Where Have the Bananas Gone?

Written by Usha Rao, PhD Scholar, Indian Institute of Technology, New Delhi

The notion that cities are built on sacrifice is a theme that I explore in a literal and figurative sense in this piece.

My research is set in Ulsoor, a neighbourhood with a hoary past that nestles in the heart of Bangalore, merely a kilometre away from the ‘new Bangalore’ hot spots. Bangalore is one of the fastest growing cities in Asia and continues to be pitched to global investors as a ‘world class metropolis.’ The city has spread rapidly into the hinterland, its agricultural fields now in the process of being subsumed into landbanks for business parks and special economic zones (SEZs). The ever-shifting boundaries confound any attempt to define where the city ends or begins.

Ulsoor has a five-hundred-year-old history and a time-less mythical past.
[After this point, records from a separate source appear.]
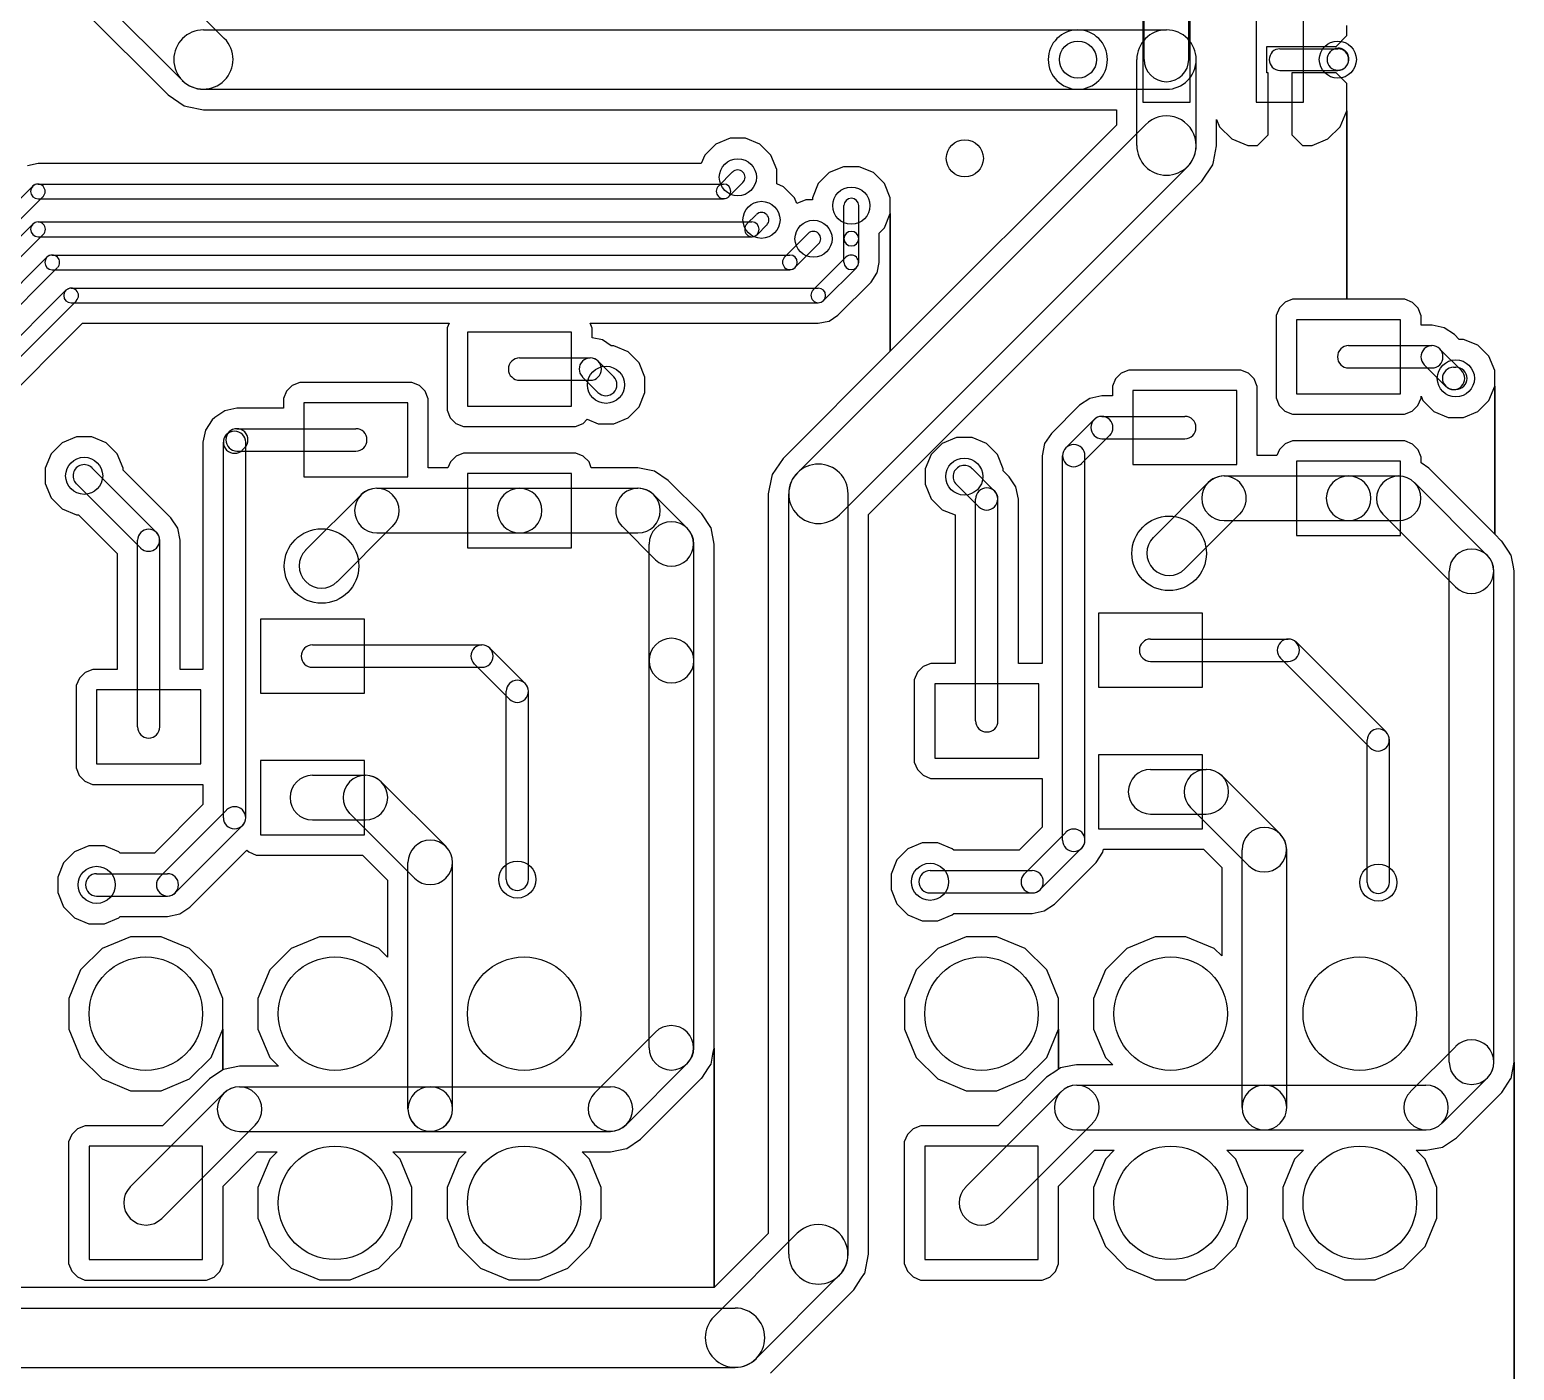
# Model space of a CAD drawing. Extents: x 32880 to 68030, y 27285 to 49782.
# Drawn here: x 36986 to 44835, y 33676 to 40762 of the extents above; entities that cross this region are included whole.
import ezdxf

# ---------------------------------------------------------------- set-up
doc = ezdxf.new("R2010")
doc.units = 0
doc.layers.add('BLACK', color=1, linetype='CONTINUOUS')

msp = doc.modelspace()

# ---------------------------------------------------------------- linework, layer by layer
at = {"layer": 'BLACK'}
for p, q in [((37569, 41162), (38015, 40716)), ((42878, 40605), (42878, 41005)), ((43114, 40605), (43114, 41005)), ((37347, 40940), (37793, 40494)), ((37271, 40864), (37718, 40417)), ((37271, 40864), (37718, 40417)), ((42871, 40829), (42871, 40379)), ((43121, 40379), (43121, 40829)), ((43471, 40829), (43471, 40379)), ((43721, 40379), (43721, 40829)), ((37905, 40761), (42527, 40761)), ((42528, 40761), (42996, 40761)), ((43950, 40731), (43950, 40784)), ((43950, 40731), (43950, 40784)), ((43526, 40534), (43526, 40674)), ((43526, 40674), (43534, 40674)), ((43526, 40534), (43526, 40674)), ((43526, 40674), (43534, 40674)), ((43534, 40674), (43658, 40674)), ((43534, 40674), (43658, 40674)), ((43596, 40661), (43902, 40661)), ((43658, 40674), (43696, 40674)), ((43658, 40674), (43696, 40674)), ((43696, 40674), (43893, 40674)), ((43696, 40674), (43893, 40674)), ((43893, 40674), (43950, 40731)), ((43893, 40674), (43950, 40731)), ((42839, 40150), (42839, 40604)), ((43153, 40150), (43153, 40604)), ((43861, 40645), (43864, 40648)), ((43534, 40534), (43526, 40534)), ((43534, 40534), (43526, 40534)), ((43534, 40207), (43534, 40534)), ((43534, 40207), (43534, 40534)), ((43596, 40547), (43902, 40547)), ((43893, 40534), (43658, 40534)), ((43658, 40534), (43658, 40207)), ((43893, 40534), (43658, 40534)), ((43658, 40534), (43658, 40207)), ((43950, 40477), (43893, 40534)), ((43950, 40477), (43893, 40534)), ((43942, 40564), (43945, 40567)), ((37905, 40447), (42527, 40447)), ((42528, 40447), (42996, 40447)), ((43950, 40424), (43950, 40477)), ((43950, 40424), (43950, 40477)), ((43950, 40333), (43950, 40424)), ((43950, 40333), (43950, 40424)), ((37718, 40417), (37803, 40359)), ((37718, 40417), (37803, 40359)), ((37803, 40359), (37804, 40359)), ((37803, 40359), (37804, 40359)), ((37804, 40359), (37819, 40356)), ((37804, 40359), (37819, 40356)), ((37819, 40356), (37905, 40339)), ((37819, 40356), (37905, 40339)), ((42871, 40379), (43121, 40379)), ((43471, 40379), (43721, 40379)), ((37905, 40339), (42528, 40339)), ((37905, 40339), (42528, 40339)), ((42528, 40339), (42731, 40339)), ((42528, 40339), (42731, 40339)), ((42731, 40339), (42731, 40258)), ((42731, 40339), (42731, 40258)), ((43261, 40149), (43261, 40288)), ((43261, 40288), (43277, 40249)), ((43261, 40149), (43261, 40288)), ((43261, 40288), (43277, 40249)), ((43915, 40249), (43950, 40333)), ((43915, 40249), (43950, 40333)), ((43950, 39337), (43950, 40333)), ((43950, 40333), (43950, 39337)), ((43950, 39337), (43950, 40333)), ((43950, 40333), (43950, 39337)), ((40689, 40188), (40613, 40157)), ((40689, 40188), (40613, 40157)), ((40771, 40188), (40689, 40188)), ((40771, 40188), (40689, 40188)), ((40847, 40157), (40771, 40188)), ((40847, 40157), (40771, 40188)), ((41045, 38420), (42885, 40260)), ((42731, 40258), (41536, 39063)), ((42731, 40258), (41536, 39063)), ((43277, 40249), (43342, 40185)), ((43277, 40249), (43342, 40185)), ((43477, 40150), (43534, 40207)), ((43477, 40150), (43534, 40207)), ((43658, 40207), (43715, 40150)), ((43658, 40207), (43715, 40150)), ((43850, 40185), (43915, 40249)), ((43850, 40185), (43915, 40249)), ((40613, 40157), (40555, 40099)), ((40613, 40157), (40555, 40099)), ((40905, 40099), (40847, 40157)), ((40905, 40099), (40847, 40157)), ((43244, 40064), (43260, 40149)), ((43244, 40064), (43260, 40149)), ((43260, 40149), (43261, 40149)), ((43260, 40149), (43261, 40149)), ((43342, 40185), (43426, 40150)), ((43342, 40185), (43426, 40150)), ((43426, 40150), (43477, 40150)), ((43426, 40150), (43477, 40150)), ((43715, 40150), (43766, 40150)), ((43715, 40150), (43766, 40150)), ((43766, 40150), (43850, 40185)), ((43766, 40150), (43850, 40185)), ((37030, 40054), (36974, 40043)), ((37030, 40054), (36974, 40043)), ((40536, 40054), (37030, 40054)), ((40536, 40054), (37030, 40054)), ((40555, 40099), (40536, 40054)), ((40555, 40099), (40536, 40054)), ((40936, 40023), (40905, 40099)), ((40936, 40023), (40905, 40099)), ((41289, 40038), (41213, 40007)), ((41289, 40038), (41213, 40007)), ((41267, 38198), (43107, 40038)), ((41371, 40038), (41289, 40038)), ((41371, 40038), (41289, 40038)), ((41447, 40007), (41371, 40038)), ((41447, 40007), (41371, 40038)), ((43183, 39962), (43241, 40047)), ((43183, 39962), (43241, 40047)), ((43241, 40048), (43244, 40064)), ((43241, 40048), (43244, 40064)), ((43241, 40047), (43241, 40048)), ((43241, 40047), (43241, 40048)), ((40702, 40010), (40627, 39935)), ((40757, 39955), (40682, 39880)), ((40936, 39947), (40936, 40023)), ((40936, 39947), (40936, 40023)), ((41213, 40007), (41155, 39949)), ((41213, 40007), (41155, 39949)), ((41421, 38200), (43183, 39962)), ((41421, 38200), (43183, 39962)), ((41505, 39949), (41447, 40007)), ((41505, 39949), (41447, 40007)), ((37002, 39935), (35777, 38710)), ((37057, 39880), (35832, 38655)), ((37030, 39946), (40654, 39946)), ((40972, 39932), (40936, 39947)), ((40972, 39932), (40936, 39947)), ((41030, 39874), (40972, 39932)), ((41030, 39874), (40972, 39932)), ((41042, 39844), (41030, 39874)), ((41042, 39844), (41030, 39874)), ((41155, 39949), (41124, 39873)), ((41155, 39949), (41124, 39873)), ((41124, 39873), (41124, 39863)), ((41124, 39873), (41124, 39863)), ((41536, 39873), (41505, 39949)), ((41536, 39873), (41505, 39949)), ((41536, 39791), (41536, 39873)), ((41536, 39791), (41536, 39873)), ((37030, 39868), (40654, 39868)), ((41089, 39863), (41042, 39844)), ((41089, 39863), (41042, 39844)), ((41124, 39863), (41089, 39863)), ((41124, 39863), (41089, 39863)), ((41291, 39658), (41291, 39832)), ((41369, 39658), (41369, 39832)), ((37002, 39734), (35887, 38619)), ((37030, 39746), (40804, 39746)), ((40827, 39784), (40778, 39735)), ((40882, 39729), (40833, 39680)), ((41505, 39715), (41536, 39791)), ((41505, 39715), (41536, 39791)), ((41536, 39063), (41536, 39791)), ((41536, 39791), (41536, 39063)), ((41536, 39063), (41536, 39791)), ((41536, 39791), (41536, 39063)), ((37057, 39679), (35942, 38564)), ((37030, 39668), (40804, 39668)), ((41102, 39685), (40977, 39560)), ((41291, 39533), (41291, 39657)), ((41369, 39533), (41369, 39657)), ((41477, 39687), (41505, 39715)), ((41477, 39687), (41505, 39715)), ((41477, 39657), (41477, 39687)), ((41477, 39657), (41477, 39687)), ((41477, 39532), (41477, 39657)), ((41477, 39532), (41477, 39657)), ((37077, 39559), (36028, 38510)), ((37105, 39571), (41005, 39571)), ((41157, 39630), (41032, 39505)), ((41301, 39560), (41127, 39386)), ((37132, 39504), (36083, 38455)), ((37105, 39493), (41005, 39493)), ((41357, 39504), (41183, 39330)), ((41466, 39476), (41477, 39532)), ((41466, 39476), (41477, 39532)), ((41259, 39253), (41434, 39428)), ((41259, 39253), (41434, 39428)), ((41434, 39428), (41465, 39475)), ((41434, 39428), (41465, 39475)), ((41465, 39475), (41466, 39476)), ((41465, 39475), (41466, 39476)), ((37177, 39385), (36177, 38385)), ((37233, 39329), (36233, 38329)), ((37205, 39396), (41155, 39396)), ((43663, 39337), (43623, 39321)), ((43663, 39337), (43623, 39321)), ((43950, 39337), (43663, 39337)), ((43950, 39337), (43663, 39337)), ((44213, 39337), (43950, 39337)), ((44213, 39337), (43950, 39337)), ((44256, 39337), (44213, 39337)), ((44256, 39337), (44213, 39337)), ((44296, 39320), (44256, 39337)), ((44296, 39320), (44256, 39337)), ((37205, 39318), (41155, 39318)), ((41212, 39221), (41259, 39253)), ((41212, 39221), (41259, 39253)), ((43593, 39291), (43576, 39251)), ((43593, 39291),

The neighbourhood and its boundaries are re-produced annually through its jatres (festivals). These performances anchor collective memory and histories of its inhabitants within the landscape of the neighbourhood. The metro, a symbol of the city of the future, thunders on over the neighbourhood unhindered by the annual performances that unfold and flow in the street beneath its grey, concrete shade. While the city at large is in a state of flux, the idea of Ulsoor as an ooru (as site of collective identity and belonging) endures for many of its inhabitants, past and present.

Bananas

Kavanaa1

The city swallows everything, they say. It creeps into the countryside where once grapes glowed in the afternoon light. Between cool green wells and muddy tanks.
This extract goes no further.